When she asked her "husband" for help buying clothes, he told her to get a job. He took her to a Subway sandwich shop, where she began work in a kitchen full of Spanish speakers. But he told her all the money she earned would go to him, so she left after five days.

Home life also darkened, as he daily called her stupid. The man she had hoped to launch a family with hid the television's remote control, so she couldn't watch programs in Spanish.

One day she tried to get on his good side by tickling him, she said. They were standing by the top of the stairs of the two-story house. He responded by grabbing her ankles and dragging her down the steps.

Within days, she was gone.

Now, she's in the limbo that trafficking victims often find when they escape.

"She's completely isolated.
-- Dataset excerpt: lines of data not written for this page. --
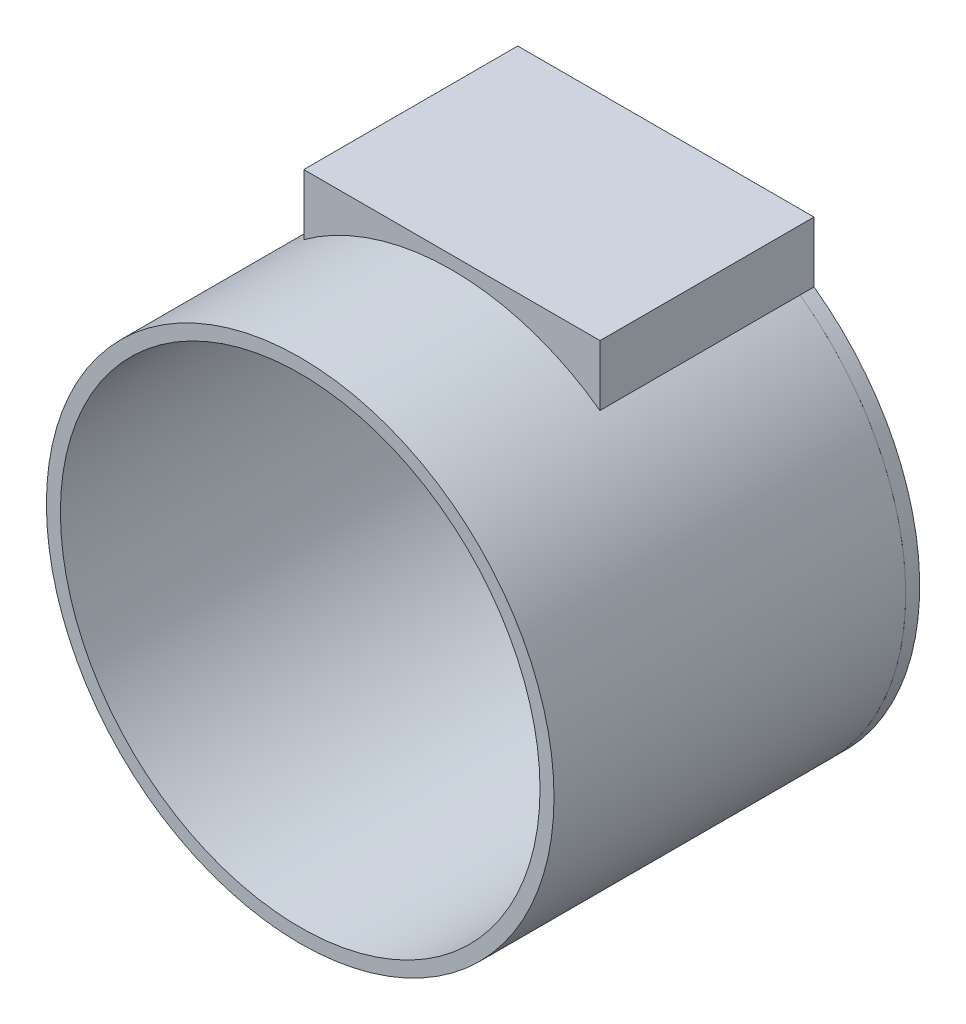
ISO-10303-21;
HEADER;
FILE_DESCRIPTION(('STEP AP214'),'2;1');
FILE_NAME('part.step','',(''),(''),'','','');
FILE_SCHEMA(('AUTOMOTIVE_DESIGN { 1 0 10303 214 1 1 1 1 }'));
ENDSEC;
DATA;
#1=APPLICATION_CONTEXT('core data for automotive mechanical design processes');
#2=APPLICATION_PROTOCOL_DEFINITION('international standard','automotive_design',2000,#1);
#3=PRODUCT_CONTEXT('',#1,'mechanical');
#4=PRODUCT('Part','Part','',(#3));
#5=PRODUCT_RELATED_PRODUCT_CATEGORY('part','',(#4));
#6=PRODUCT_DEFINITION_FORMATION('','',#4);
#7=PRODUCT_DEFINITION_CONTEXT('part definition',#1,'design');
#8=PRODUCT_DEFINITION('design','',#6,#7);
#9=PRODUCT_DEFINITION_SHAPE('','',#8);
#10=(LENGTH_UNIT() NAMED_UNIT(*) SI_UNIT(.MILLI.,.METRE.));
#11=(NAMED_UNIT(*) PLANE_ANGLE_UNIT() SI_UNIT($,.RADIAN.));
#12=(NAMED_UNIT(*) SI_UNIT($,.STERADIAN.) SOLID_ANGLE_UNIT());
#13=UNCERTAINTY_MEASURE_WITH_UNIT(LENGTH_MEASURE(1.E-05),#10,'distance_accuracy_value','');
#14=(GEOMETRIC_REPRESENTATION_CONTEXT(3) GLOBAL_UNCERTAINTY_ASSIGNED_CONTEXT((#13)) GLOBAL_UNIT_ASSIGNED_CONTEXT((#10,
#11,#12)) REPRESENTATION_CONTEXT('',''));
#15=CARTESIAN_POINT('',(0.,0.,0.));
#16=DIRECTION('',(0.,0.,1.));
#17=DIRECTION('',(1.,0.,0.));
#18=AXIS2_PLACEMENT_3D('',#15,#16,#17);
#19=CARTESIAN_POINT('',(0.,0.,62.7));
#20=DIRECTION('',(0.,0.,1.));
#21=DIRECTION('',(1.,0.,0.));
#22=AXIS2_PLACEMENT_3D('',#19,#20,#21);
#23=PLANE('',#22);
#24=CARTESIAN_POINT('',(0.,0.,62.7));
#25=DIRECTION('',(0.,0.,1.));
#26=DIRECTION('',(1.,0.,0.));
#27=AXIS2_PLACEMENT_3D('',#24,#25,#26);
#28=CIRCLE('',#27,43.52);
#29=CARTESIAN_POINT('',(43.52,0.,62.7));
#30=VERTEX_POINT('',#29);
#31=EDGE_CURVE('E146',#30,#30,#28,.T.);
#32=ORIENTED_EDGE('',*,*,#31,.T.);
#33=EDGE_LOOP('',(#32));
#34=FACE_BOUND('',#33,.T.);
#35=CARTESIAN_POINT('',(0.,0.,62.7));
#36=DIRECTION('',(0.,0.,1.));
#37=DIRECTION('',(1.,0.,0.));
#38=AXIS2_PLACEMENT_3D('',#35,#36,#37);
#39=CIRCLE('',#38,41.12);
#40=CARTESIAN_POINT('',(41.12,0.,62.7));
#41=VERTEX_POINT('',#40);
#42=EDGE_CURVE('E140',#41,#41,#39,.T.);
#43=ORIENTED_EDGE('',*,*,#42,.F.);
#44=EDGE_LOOP('',(#43));
#45=FACE_BOUND('',#44,.T.);
#46=ADVANCED_FACE('F51',(#34,#45),#23,.T.);
#47=CARTESIAN_POINT('',(0.,0.,2.4));
#48=DIRECTION('',(0.,0.,1.));
#49=DIRECTION('',(1.,0.,0.));
#50=AXIS2_PLACEMENT_3D('',#47,#48,#49);
#51=PLANE('',#50);
#52=CARTESIAN_POINT('',(0.,0.,2.4));
#53=DIRECTION('',(0.,0.,1.));
#54=DIRECTION('',(1.,0.,0.));
#55=AXIS2_PLACEMENT_3D('',#52,#53,#54);
#56=CIRCLE('',#55,43.52);
#57=CARTESIAN_POINT('',(43.52,0.,2.4));
#58=VERTEX_POINT('',#57);
#59=EDGE_CURVE('E143',#58,#58,#56,.T.);
#60=ORIENTED_EDGE('',*,*,#59,.F.);
#61=EDGE_LOOP('',(#60));
#62=FACE_BOUND('',#61,.T.);
#63=CARTESIAN_POINT('',(0.,0.,2.4));
#64=DIRECTION('',(0.,0.,1.));
#65=DIRECTION('',(1.,0.,0.));
#66=AXIS2_PLACEMENT_3D('',#63,#64,#65);
#67=CIRCLE('',#66,41.12);
#68=CARTESIAN_POINT('',(41.12,0.,2.4));
#69=VERTEX_POINT('',#68);
#70=EDGE_CURVE('E139',#69,#69,#67,.T.);
#71=ORIENTED_EDGE('',*,*,#70,.T.);
#72=EDGE_LOOP('',(#71));
#73=FACE_BOUND('',#72,.T.);
#74=ADVANCED_FACE('F184',(#62,#73),#51,.F.);
#75=CARTESIAN_POINT('',(0.,0.,62.7));
#76=DIRECTION('',(0.,0.,-1.));
#77=DIRECTION('',(-1.,0.,0.));
#78=AXIS2_PLACEMENT_3D('',#75,#76,#77);
#79=CYLINDRICAL_SURFACE('',#78,43.52);
#80=CARTESIAN_POINT('',(0.,0.,4.9));
#81=DIRECTION('',(0.,0.,-1.));
#82=DIRECTION('',(-1.,0.,0.));
#83=AXIS2_PLACEMENT_3D('',#80,#81,#82);
#84=CIRCLE('',#83,43.52);
#85=CARTESIAN_POINT('',(-22.9,37.0078424121158,4.9));
#86=VERTEX_POINT('',#85);
#87=CARTESIAN_POINT('',(22.9,37.0078424121158,4.9));
#88=VERTEX_POINT('',#87);
#89=EDGE_CURVE('E136',#86,#88,#84,.T.);
#90=ORIENTED_EDGE('',*,*,#89,.T.);
#91=DIRECTION('',(0.,0.,-1.));
#92=VECTOR('',#91,1.);
#93=CARTESIAN_POINT('',(22.9,37.0078424121158,62.7));
#94=LINE('',#93,#92);
#95=CARTESIAN_POINT('',(22.9,37.0078424121158,34.19));
#96=VERTEX_POINT('',#95);
#97=EDGE_CURVE('E12',#88,#96,#94,.F.);
#98=ORIENTED_EDGE('',*,*,#97,.T.);
#99=CARTESIAN_POINT('',(0.,0.,34.19));
#100=DIRECTION('',(0.,0.,1.));
#101=DIRECTION('',(1.,0.,0.));
#102=AXIS2_PLACEMENT_3D('',#99,#100,#101);
#103=CIRCLE('',#102,43.52);
#104=CARTESIAN_POINT('',(-22.9,37.0078424121158,34.19));
#105=VERTEX_POINT('',#104);
#106=EDGE_CURVE('E110',#96,#105,#103,.T.);
#107=ORIENTED_EDGE('',*,*,#106,.T.);
#108=DIRECTION('',(0.,0.,-1.));
#109=VECTOR('',#108,1.);
#110=CARTESIAN_POINT('',(-22.9,37.0078424121158,62.7));
#111=LINE('',#110,#109);
#112=EDGE_CURVE('E59',#105,#86,#111,.T.);
#113=ORIENTED_EDGE('',*,*,#112,.T.);
#114=EDGE_LOOP('',(#90,#98,#107,#113));
#115=FACE_BOUND('',#114,.T.);
#116=ORIENTED_EDGE('',*,*,#31,.F.);
#117=EDGE_LOOP('',(#116));
#118=FACE_BOUND('',#117,.T.);
#119=ORIENTED_EDGE('',*,*,#59,.T.);
#120=EDGE_LOOP('',(#119));
#121=FACE_BOUND('',#120,.T.);
#122=ADVANCED_FACE('F53',(#115,#118,#121),#79,.T.);
#123=CARTESIAN_POINT('',(0.,0.,62.7));
#124=DIRECTION('',(0.,0.,-1.));
#125=DIRECTION('',(-1.,0.,0.));
#126=AXIS2_PLACEMENT_3D('',#123,#124,#125);
#127=CYLINDRICAL_SURFACE('',#126,41.12);
#128=DIRECTION('',(0.,0.,-1.));
#129=VECTOR('',#128,1.);
#130=CARTESIAN_POINT('',(-21.0243668156737,35.3387945465037,62.7));
#131=LINE('',#130,#129);
#132=CARTESIAN_POINT('',(-21.0243668156737,35.3387945465037,34.19));
#133=VERTEX_POINT('',#132);
#134=CARTESIAN_POINT('',(-21.0243668156737,35.3387945465037,4.9));
#135=VERTEX_POINT('',#134);
#136=EDGE_CURVE('E156',#133,#135,#131,.T.);
#137=ORIENTED_EDGE('',*,*,#136,.F.);
#138=CARTESIAN_POINT('',(0.,0.,34.19));
#139=DIRECTION('',(0.,0.,1.));
#140=DIRECTION('',(1.,0.,0.));
#141=AXIS2_PLACEMENT_3D('',#138,#139,#140);
#142=CIRCLE('',#141,41.12);
#143=CARTESIAN_POINT('',(21.0243668156737,35.3387945465037,34.19));
#144=VERTEX_POINT('',#143);
#145=EDGE_CURVE('E152',#144,#133,#142,.T.);
#146=ORIENTED_EDGE('',*,*,#145,.F.);
#147=DIRECTION('',(0.,0.,-1.));
#148=VECTOR('',#147,1.);
#149=CARTESIAN_POINT('',(21.0243668156737,35.3387945465037,62.7));
#150=LINE('',#149,#148);
#151=CARTESIAN_POINT('',(21.0243668156737,35.3387945465037,4.9));
#152=VERTEX_POINT('',#151);
#153=EDGE_CURVE('E118',#152,#144,#150,.F.);
#154=ORIENTED_EDGE('',*,*,#153,.F.);
#155=CARTESIAN_POINT('',(0.,0.,4.9));
#156=DIRECTION('',(0.,0.,-1.));
#157=DIRECTION('',(-1.,0.,0.));
#158=AXIS2_PLACEMENT_3D('',#155,#156,#157);
#159=CIRCLE('',#158,41.12);
#160=EDGE_CURVE('E154',#135,#152,#159,.T.);
#161=ORIENTED_EDGE('',*,*,#160,.F.);
#162=EDGE_LOOP('',(#137,#146,#154,#161));
#163=FACE_BOUND('',#162,.T.);
#164=ORIENTED_EDGE('',*,*,#42,.T.);
#165=EDGE_LOOP('',(#164));
#166=FACE_BOUND('',#165,.T.);
#167=ORIENTED_EDGE('',*,*,#70,.F.);
#168=EDGE_LOOP('',(#167));
#169=FACE_BOUND('',#168,.T.);
#170=ADVANCED_FACE('F170',(#163,#166,#169),#127,.F.);
#171=CARTESIAN_POINT('',(22.9,44.3387945465037,4.9));
#172=DIRECTION('',(1.,0.,0.));
#173=DIRECTION('',(0.,0.,-1.));
#174=AXIS2_PLACEMENT_3D('',#171,#172,#173);
#175=PLANE('',#174);
#176=DIRECTION('',(0.,-1.,0.));
#177=VECTOR('',#176,1.);
#178=CARTESIAN_POINT('',(22.9,44.3387945465037,4.9));
#179=LINE('',#178,#177);
#180=CARTESIAN_POINT('',(22.9,35.3387945465037,4.9));
#181=VERTEX_POINT('',#180);
#182=EDGE_CURVE('E124',#88,#181,#179,.T.);
#183=ORIENTED_EDGE('',*,*,#182,.T.);
#184=DIRECTION('',(0.,0.,1.));
#185=VECTOR('',#184,1.);
#186=CARTESIAN_POINT('',(22.9,35.3387945465037,4.9));
#187=LINE('',#186,#185);
#188=CARTESIAN_POINT('',(22.9,35.3387945465037,34.19));
#189=VERTEX_POINT('',#188);
#190=EDGE_CURVE('E116',#181,#189,#187,.T.);
#191=ORIENTED_EDGE('',*,*,#190,.T.);
#192=DIRECTION('',(0.,-1.,0.));
#193=VECTOR('',#192,1.);
#194=CARTESIAN_POINT('',(22.9,44.3387945465037,34.19));
#195=LINE('',#194,#193);
#196=EDGE_CURVE('E104',#96,#189,#195,.T.);
#197=ORIENTED_EDGE('',*,*,#196,.F.);
#198=ORIENTED_EDGE('',*,*,#97,.F.);
#199=EDGE_LOOP('',(#183,#191,#197,#198));
#200=FACE_BOUND('',#199,.T.);
#201=ADVANCED_FACE('F122',(#200),#175,.F.);
#202=CARTESIAN_POINT('',(-22.9,44.3387945465037,34.19));
#203=DIRECTION('',(-1.,0.,0.));
#204=DIRECTION('',(0.,0.,1.));
#205=AXIS2_PLACEMENT_3D('',#202,#203,#204);
#206=PLANE('',#205);
#207=DIRECTION('',(0.,-1.,0.));
#208=VECTOR('',#207,1.);
#209=CARTESIAN_POINT('',(-22.9,44.3387945465037,34.19));
#210=LINE('',#209,#208);
#211=CARTESIAN_POINT('',(-22.9,35.3387945465037,34.19));
#212=VERTEX_POINT('',#211);
#213=EDGE_CURVE('E66',#105,#212,#210,.T.);
#214=ORIENTED_EDGE('',*,*,#213,.T.);
#215=DIRECTION('',(0.,0.,-1.));
#216=VECTOR('',#215,1.);
#217=CARTESIAN_POINT('',(-22.9,35.3387945465037,34.19));
#218=LINE('',#217,#216);
#219=CARTESIAN_POINT('',(-22.9,35.3387945465037,4.9));
#220=VERTEX_POINT('',#219);
#221=EDGE_CURVE('E119',#212,#220,#218,.T.);
#222=ORIENTED_EDGE('',*,*,#221,.T.);
#223=DIRECTION('',(0.,-1.,0.));
#224=VECTOR('',#223,1.);
#225=CARTESIAN_POINT('',(-22.9,44.3387945465037,4.9));
#226=LINE('',#225,#224);
#227=EDGE_CURVE('E132',#86,#220,#226,.T.);
#228=ORIENTED_EDGE('',*,*,#227,.F.);
#229=ORIENTED_EDGE('',*,*,#112,.F.);
#230=EDGE_LOOP('',(#214,#222,#228,#229));
#231=FACE_BOUND('',#230,.T.);
#232=ADVANCED_FACE('F162',(#231),#206,.F.);
#233=CARTESIAN_POINT('',(-22.9,44.3387945465037,4.9));
#234=DIRECTION('',(0.,0.,-1.));
#235=DIRECTION('',(-1.,0.,0.));
#236=AXIS2_PLACEMENT_3D('',#233,#234,#235);
#237=PLANE('',#236);
#238=ORIENTED_EDGE('',*,*,#227,.T.);
#239=DIRECTION('',(1.,0.,0.));
#240=VECTOR('',#239,1.);
#241=CARTESIAN_POINT('',(-22.9,35.3387945465037,4.9));
#242=LINE('',#241,#240);
#243=EDGE_CURVE('E113',#220,#135,#242,.T.);
#244=ORIENTED_EDGE('',*,*,#243,.T.);
#245=ORIENTED_EDGE('',*,*,#160,.T.);
#246=EDGE_CURVE('E74',#152,#181,#242,.T.);
#247=ORIENTED_EDGE('',*,*,#246,.T.);
#248=ORIENTED_EDGE('',*,*,#182,.F.);
#249=ORIENTED_EDGE('',*,*,#89,.F.);
#250=EDGE_LOOP('',(#238,#244,#245,#247,#248,#249));
#251=FACE_BOUND('',#250,.T.);
#252=ADVANCED_FACE('F166',(#251),#237,.F.);
#253=CARTESIAN_POINT('',(22.9,44.3387945465037,34.19));
#254=DIRECTION('',(0.,0.,1.));
#255=DIRECTION('',(1.,0.,0.));
#256=AXIS2_PLACEMENT_3D('',#253,#254,#255);
#257=PLANE('',#256);
#258=ORIENTED_EDGE('',*,*,#196,.T.);
#259=DIRECTION('',(-1.,0.,0.));
#260=VECTOR('',#259,1.);
#261=CARTESIAN_POINT('',(22.9,35.3387945465037,34.19));
#262=LINE('',#261,#260);
#263=EDGE_CURVE('E107',#189,#144,#262,.T.);
#264=ORIENTED_EDGE('',*,*,#263,.T.);
#265=ORIENTED_EDGE('',*,*,#145,.T.);
#266=EDGE_CURVE('E120',#133,#212,#262,.T.);
#267=ORIENTED_EDGE('',*,*,#266,.T.);
#268=ORIENTED_EDGE('',*,*,#213,.F.);
#269=ORIENTED_EDGE('',*,*,#106,.F.);
#270=EDGE_LOOP('',(#258,#264,#265,#267,#268,#269));
#271=FACE_BOUND('',#270,.T.);
#272=ADVANCED_FACE('F106',(#271),#257,.F.);
#273=CARTESIAN_POINT('',(0.,35.3387945465037,0.));
#274=DIRECTION('',(0.,-1.,0.));
#275=DIRECTION('',(0.,0.,-1.));
#276=AXIS2_PLACEMENT_3D('',#273,#274,#275);
#277=PLANE('',#276);
#278=ORIENTED_EDGE('',*,*,#136,.T.);
#279=ORIENTED_EDGE('',*,*,#243,.F.);
#280=ORIENTED_EDGE('',*,*,#221,.F.);
#281=ORIENTED_EDGE('',*,*,#266,.F.);
#282=EDGE_LOOP('',(#278,#279,#280,#281));
#283=FACE_BOUND('',#282,.T.);
#284=ADVANCED_FACE('F174',(#283),#277,.F.);
#285=ORIENTED_EDGE('',*,*,#153,.T.);
#286=ORIENTED_EDGE('',*,*,#263,.F.);
#287=ORIENTED_EDGE('',*,*,#190,.F.);
#288=ORIENTED_EDGE('',*,*,#246,.F.);
#289=EDGE_LOOP('',(#285,#286,#287,#288));
#290=FACE_BOUND('',#289,.T.);
#291=ADVANCED_FACE('F115',(#290),#277,.F.);
#292=CLOSED_SHELL('',(#46,#74,#122,#170,#201,#232,#252,#272,#284,#291));
#293=MANIFOLD_SOLID_BREP('B2',#292);
#294=CARTESIAN_POINT('',(0.,0.,2.4));
#295=DIRECTION('',(0.,0.,-1.));
#296=DIRECTION('',(-1.,0.,0.));
#297=AXIS2_PLACEMENT_3D('',#294,#295,#296);
#298=CYLINDRICAL_SURFACE('',#297,34.);
#299=CARTESIAN_POINT('',(0.,0.,0.));
#300=DIRECTION('',(0.,0.,1.));
#301=DIRECTION('',(1.,0.,0.));
#302=AXIS2_PLACEMENT_3D('',#299,#300,#301);
#303=CIRCLE('',#302,34.);
#304=CARTESIAN_POINT('',(34.,0.,0.));
#305=VERTEX_POINT('',#304);
#306=EDGE_CURVE('E467',#305,#305,#303,.T.);
#307=ORIENTED_EDGE('',*,*,#306,.F.);
#308=EDGE_LOOP('',(#307));
#309=FACE_BOUND('',#308,.T.);
#310=CARTESIAN_POINT('',(0.,0.,0.700000000000006));
#311=DIRECTION('',(0.,0.,1.));
#312=DIRECTION('',(1.,0.,0.));
#313=AXIS2_PLACEMENT_3D('',#310,#311,#312);
#314=CIRCLE('',#313,34.);
#315=CARTESIAN_POINT('',(34.,0.,0.700000000000006));
#316=VERTEX_POINT('',#315);
#317=EDGE_CURVE('E534',#316,#316,#314,.T.);
#318=ORIENTED_EDGE('',*,*,#317,.T.);
#319=EDGE_LOOP('',(#318));
#320=FACE_BOUND('',#319,.T.);
#321=ADVANCED_FACE('F286',(#309,#320),#298,.F.);
#322=CARTESIAN_POINT('',(-19.0500000000001,32.9955678841871,2.4));
#323=DIRECTION('',(0.,0.,-1.));
#324=DIRECTION('',(-1.,0.,0.));
#325=AXIS2_PLACEMENT_3D('',#322,#323,#324);
#326=CYLINDRICAL_SURFACE('',#325,1.97);
#327=CARTESIAN_POINT('',(-19.0500000000001,32.9955678841871,0.));
#328=DIRECTION('',(0.,0.,1.));
#329=DIRECTION('',(1.,0.,0.));
#330=AXIS2_PLACEMENT_3D('',#327,#328,#329);
#331=CIRCLE('',#330,1.97);
#332=CARTESIAN_POINT('',(-17.0800000000001,32.9955678841871,0.));
#333=VERTEX_POINT('',#332);
#334=EDGE_CURVE('E464',#333,#333,#331,.T.);
#335=ORIENTED_EDGE('',*,*,#334,.F.);
#336=EDGE_LOOP('',(#335));
#337=FACE_BOUND('',#336,.T.);
#338=CARTESIAN_POINT('',(-19.0500000000001,32.9955678841871,0.700000000000006));
#339=DIRECTION('',(0.,0.,1.));
#340=DIRECTION('',(1.,0.,0.));
#341=AXIS2_PLACEMENT_3D('',#338,#339,#340);
#342=CIRCLE('',#341,1.97);
#343=CARTESIAN_POINT('',(-17.0800000000001,32.9955678841871,0.700000000000006));
#344=VERTEX_POINT('',#343);
#345=EDGE_CURVE('E531',#344,#344,#342,.T.);
#346=ORIENTED_EDGE('',*,*,#345,.T.);
#347=EDGE_LOOP('',(#346));
#348=FACE_BOUND('',#347,.T.);
#349=ADVANCED_FACE('F583',(#337,#348),#326,.F.);
#350=CARTESIAN_POINT('',(19.05,32.9955678841871,2.4));
#351=DIRECTION('',(0.,0.,-1.));
#352=DIRECTION('',(-1.,0.,0.));
#353=AXIS2_PLACEMENT_3D('',#350,#351,#352);
#354=CYLINDRICAL_SURFACE('',#353,1.97);
#355=CARTESIAN_POINT('',(19.05,32.9955678841871,0.));
#356=DIRECTION('',(0.,0.,1.));
#357=DIRECTION('',(1.,0.,0.));
#358=AXIS2_PLACEMENT_3D('',#355,#356,#357);
#359=CIRCLE('',#358,1.97);
#360=CARTESIAN_POINT('',(21.02,32.9955678841871,0.));
#361=VERTEX_POINT('',#360);
#362=EDGE_CURVE('E461',#361,#361,#359,.T.);
#363=ORIENTED_EDGE('',*,*,#362,.F.);
#364=EDGE_LOOP('',(#363));
#365=FACE_BOUND('',#364,.T.);
#366=CARTESIAN_POINT('',(19.05,32.9955678841871,0.700000000000006));
#367=DIRECTION('',(0.,0.,1.));
#368=DIRECTION('',(1.,0.,0.));
#369=AXIS2_PLACEMENT_3D('',#366,#367,#368);
#370=CIRCLE('',#369,1.97);
#371=CARTESIAN_POINT('',(21.02,32.9955678841871,0.700000000000006));
#372=VERTEX_POINT('',#371);
#373=EDGE_CURVE('E528',#372,#372,#370,.T.);
#374=ORIENTED_EDGE('',*,*,#373,.T.);
#375=EDGE_LOOP('',(#374));
#376=FACE_BOUND('',#375,.T.);
#377=ADVANCED_FACE('F589',(#365,#376),#354,.F.);
#378=CARTESIAN_POINT('',(38.1,-1.17961196366423E-13,2.4));
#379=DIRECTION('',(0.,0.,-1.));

She has nothing," Neville said.

David Thronson, an immigration lawyer and one of the founders of the immigration law clinic at UNLV, said the Las Vegas area suffers from a lack of agencies with experience about trafficking.

His clinic has handled a half-dozen cases in recent years, only three of which have been completed, with the trafficking victims receiving U.S. residency and help starting a new life.

Lauren Hermosillo, who works with Miller on the social services side of helping victims, said she has obtained emergency shelter for less than a dozen victims.

Not only are there few agencies offering help, but information also is lacking about the help available, Thronson said.

Miller said nearly a third of her $370,000, three-year grant is targeted at getting the word out to victims through radio, billboards, posters and pamphlets.

Carmona knows nothing about all that.

She said her aunt has been getting calls from the agency in Medellin and her "husband" in Las Vegas, bad-mouthing her and alleging that authorities are on her trail.

She says she's scared of what "that man" might do to her and unsure of her options.

"After getting my hopes up so much, what am I supposed to do now?"